Dataset excerpts:

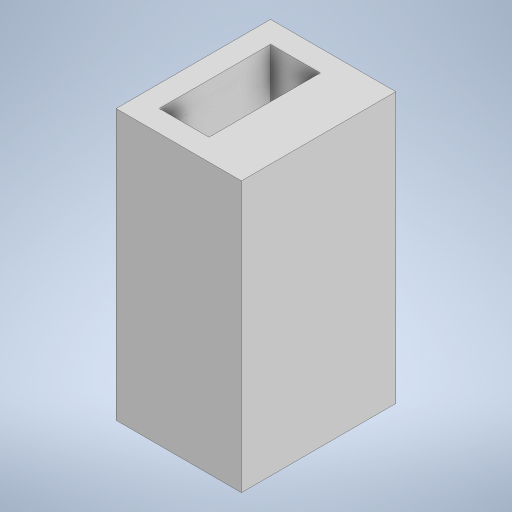
# Autodesk Inventor part: front-camera-support
Saved by Autodesk Inventor 2023 (Build 270158000, 158)
## iProperties
Created: 2024-04-10
Part Number: front-camera-support
Material: Genérico
Document SubType Name: Modeling
Designer: inigo
Density: 1 g/cm^3
Appearance: Valor por defecto
Author: inigo
Autodesk Inventor part; units mm, degrees
ref_plane "YZ Plane" through (0, 0, 0) normal (1, 0, 0) x (0, 1, 0)
ref_plane "XZ Plane" through (0, 0, 0) normal (0, 1, 0) x (-1, 0, 0)
ref_plane "XY Plane" through (0, 0, 0) normal (0, 0, 1) x (1, 0, 0)
sketch "Boceto1" plane through (0, 0, 0) normal (0, 1, 0) x (-1, 0, 0)
  line L0 (2.3, 5.15) -> (-2.3, 5.15)
  line L1 (-2.3, 5.15) -> (-2.3, -5.15)
  line L2 (-2.3, -5.15) -> (2.3, -5.15)
  line L3 (2.3, -5.15) -> (2.3, 5.15)
  line L4 (2.3, 5.15) -> (-2.3, -5.15) construction
  line L5 (-2.3, 5.15) -> (2.3, -5.15) construction
  line L6 (4.3, 7.15) -> (-4.3, 7.15)
  line L7 (-4.3, 7.15) -> (-4.3, -7.15)
  line L8 (-4.3, -7.15) -> (4.3, -7.15)
  line L9 (4.3, -7.15) -> (4.3, 7.15)
  point P0 (0, 0)
  dimension "d0" = 10.3
  dimension "d1" = 4.6
  dimension "d2" = 2
  constraints: 20 end point, 4 parallel, 2 midpoint, 2 perpendicular, 1 horizontal, 3 other
  measures "d0" distance of L1.end L0.end
  measures "d1" distance between parallel lines of L1 L3
  measures "d2" distance between parallel lines of L3 L9
extrude "Extrusión1" add sketch "Boceto1" along normal blind 2 contours L3 L2 L1 L0
sketch "Boceto3" plane through (0, 0, 0) normal (0, -1, 0) x (1, 0, 0)
  line L0 (2.3, -5.15) -> (-2.3, -5.15) projected
  line L1 (-2.3, 5.15) -> (2.3, 5.15)
  line L2 (2.3, 5.15) -> (2.3, -5.15)
  line L3 (2.3, -5.15) -> (-2.3, -5.15)
  line L4 (-2.3, -5.15) -> (-2.3, 5.15)
  line L5 (-2.3, 5.15) -> (2.3, -5.15) construction
  line L6 (2.3, 5.15) -> (-2.3, -5.15) construction
  line L7 (4.3, -7.15) -> (4.3, 7.15)
  line L8 (4.3, 7.15) -> (-4.3, 7.15)
  line L9 (-4.3, 7.15) -> (-4.3, -7.15)
  line L10 (-4.3, -7.15) -> (4.3, -7.15)
  line L11 (2.3, 7.15) -> (7.3, 7.15)
  line L12 (7.3, 7.15) -> (7.3, -7.15)
  line L13 (7.3, -7.15) -> (2.3, -7.15)
  line L14 (2.3, -7.15) -> (2.3, 7.15)
  point P0 (0, 0)
  dimension "d5" = 2
  dimension "d6" = 5
  constraints: 28 end point, 6 parallel, 3 perpendicular, 2 horizontal, 2 midpoint, 1 point on line, 3 other
  measures "d5" distance between parallel lines of L2 L7
  measures "d6" distance of L12.end L13.end
extrude "Extrusión2" add sketch "Boceto3" against normal blind 25 contours L14 L10 L9 L8 L1 L4 L0 | L2 L14 L8 L7 L10 | L7 L11 L12 L13
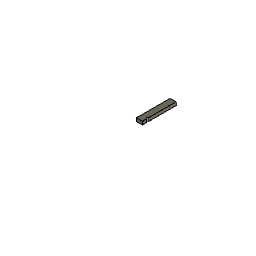
pms bracket (Autodesk Fusion 360 design; units mm, degrees)
Autodesk Fusion 360 part; units mm, degrees
ref_plane "WorkPlane1" through (8, 31, -21.5) normal (0, 0, 1) x (1, 0, 0)
sketch "Sketch1" plane through (8, 31, -21.5) normal (0, 0, 1) x (1, 0, 0)
  line L0 (2.8723, 29.3965) -> (-2.8723, 29.3965)
  line L1 (-2.8723, 29.3965) -> (-2.8723, -2.6479)
  line L2 (-2.8723, -2.6479) -> (2.8723, -2.6479)
  line L3 (2.8723, -2.6479) -> (2.8723, 29.3965)
  constraint horizontal L0
  constraint vertical L1
  constraint horizontal L2
  constraint vertical L3
extrude "Extrude1" add sketch "Sketch1" along normal blind 3
sketch "Sketch2" plane through (0, 0, -18.5) normal (0, 0, 1) x (-1, 0, 0)
  line L0 (-10.8723, -28.3521) -> (-10.8723, -60.3965)
  line L1 (-10.8723, -60.3965) -> (-5.1277, -60.3965)
  line L2 (-5.1277, -60.3965) -> (-5.1277, -28.3521)
  line L3 (-5.1277, -28.3521) -> (-10.8723, -28.3521)
  circle A0 centre (-11, -7) radius 1.2
  circle A1 centre (-11.0423, -33.3352) radius 1.2
  dimension "d79" = 2.4
  dimension "d81" = 2.4
  measures "d79" diameter of A0
  measures "d81" diameter of A1
extrude "Extrude2" cut sketch "Sketch2" against normal blind 11 contours L0 A1 | L0 A1 | A0

*Directions for this task*
Repeat each entry exactly as given; no pictures belong in the copy.

*Result*
# Autodesk Inventor part: front-camera-support
Saved by Autodesk Inventor 2023 (Build 270158000, 158)
## iProperties
Created: 2024-04-10
Part Number: front-camera-support
Material: Genérico
Document SubType Name: Modeling
Designer: inigo
Density: 1 g/cm^3
Appearance: Valor por defecto
Author: inigo
Autodesk Inventor part; units mm, degrees
ref_plane "YZ Plane" through (0, 0, 0) normal (1, 0, 0) x (0, 1, 0)
ref_plane "XZ Plane" through (0, 0, 0) normal (0, 1, 0) x (-1, 0, 0)
ref_plane "XY Plane" through (0, 0, 0) normal (0, 0, 1) x (1, 0, 0)
sketch "Boceto1" plane through (0, 0, 0) normal (0, 1, 0) x (-1, 0, 0)
  line L0 (2.3, 5.15) -> (-2.3, 5.15)
  line L1 (-2.3, 5.15) -> (-2.3, -5.15)
  line L2 (-2.3, -5.15) -> (2.3, -5.15)
  line L3 (2.3, -5.15) -> (2.3, 5.15)
  line L4 (2.3, 5.15) -> (-2.3, -5.15) construction
  line L5 (-2.3, 5.15) -> (2.3, -5.15) construction
  line L6 (4.3, 7.15) -> (-4.3, 7.15)
  line L7 (-4.3, 7.15) -> (-4.3, -7.15)
  line L8 (-4.3, -7.15) -> (4.3, -7.15)
  line L9 (4.3, -7.15) -> (4.3, 7.15)
  point P0 (0, 0)
  dimension "d0" = 10.3
  dimension "d1" = 4.6
  dimension "d2" = 2
  constraints: 20 end point, 4 parallel, 2 midpoint, 2 perpendicular, 1 horizontal, 3 other
  measures "d0" distance of L1.end L0.end
  measures "d1" distance between parallel lines of L1 L3
  measures "d2" distance between parallel lines of L3 L9
extrude "Extrusión1" add sketch "Boceto1" along normal blind 2 contours L3 L2 L1 L0
sketch "Boceto3" plane through (0, 0, 0) normal (0, -1, 0) x (1, 0, 0)
  line L0 (2.3, -5.15) -> (-2.3, -5.15) projected
  line L1 (-2.3, 5.15) -> (2.3, 5.15)
  line L2 (2.3, 5.15) -> (2.3, -5.15)
  line L3 (2.3, -5.15) -> (-2.3, -5.15)
  line L4 (-2.3, -5.15) -> (-2.3, 5.15)
  line L5 (-2.3, 5.15) -> (2.3, -5.15) construction
  line L6 (2.3, 5.15) -> (-2.3, -5.15) construction
  line L7 (4.3, -7.15) -> (4.3, 7.15)
  line L8 (4.3, 7.15) -> (-4.3, 7.15)
  line L9 (-4.3, 7.15) -> (-4.3, -7.15)
  line L10 (-4.3, -7.15) -> (4.3, -7.15)
  line L11 (2.3, 7.15) -> (7.3, 7.15)
  line L12 (7.3, 7.15) -> (7.3, -7.15)
  line L13 (7.3, -7.15) -> (2.3, -7.15)
  line L14 (2.3, -7.15) -> (2.3, 7.15)
  point P0 (0, 0)
  dimension "d5" = 2
  dimension "d6" = 5
  constraints: 28 end point, 6 parallel, 3 perpendicular, 2 horizontal, 2 midpoint, 1 point on line, 3 other
  measures "d5" distance between parallel lines of L2 L7
  measures "d6" distance of L12.end L13.end
extrude "Extrusión2" add sketch "Boceto3" against normal blind 25 contours L14 L10 L9 L8 L1 L4 L0 | L2 L14 L8 L7 L10 | L7 L11 L12 L13
pms bracket (Autodesk Fusion 360 design; units mm, degrees)
Autodesk Fusion 360 part; units mm, degrees
ref_plane "WorkPlane1" through (8, 31, -21.5) normal (0, 0, 1) x (1, 0, 0)
sketch "Sketch1" plane through (8, 31, -21.5) normal (0, 0, 1) x (1, 0, 0)
  line L0 (2.8723, 29.3965) -> (-2.8723, 29.3965)
  line L1 (-2.8723, 29.3965) -> (-2.8723, -2.6479)
  line L2 (-2.8723, -2.6479) -> (2.8723, -2.6479)
  line L3 (2.8723, -2.6479) -> (2.8723, 29.3965)
  constraint horizontal L0
  constraint vertical L1
  constraint horizontal L2
  constraint vertical L3
extrude "Extrude1" add sketch "Sketch1" along normal blind 3
sketch "Sketch2" plane through (0, 0, -18.5) normal (0, 0, 1) x (-1, 0, 0)
  line L0 (-10.8723, -28.3521) -> (-10.8723, -60.3965)
  line L1 (-10.8723, -60.3965) -> (-5.1277, -60.3965)
  line L2 (-5.1277, -60.3965) -> (-5.1277, -28.3521)
  line L3 (-5.1277, -28.3521) -> (-10.8723, -28.3521)
  circle A0 centre (-11, -7) radius 1.2
  circle A1 centre (-11.0423, -33.3352) radius 1.2
  dimension "d79" = 2.4
  dimension "d81" = 2.4
  measures "d79" diameter of A0
  measures "d81" diameter of A1
extrude "Extrude2" cut sketch "Sketch2" against normal blind 11 contours L0 A1 | L0 A1 | A0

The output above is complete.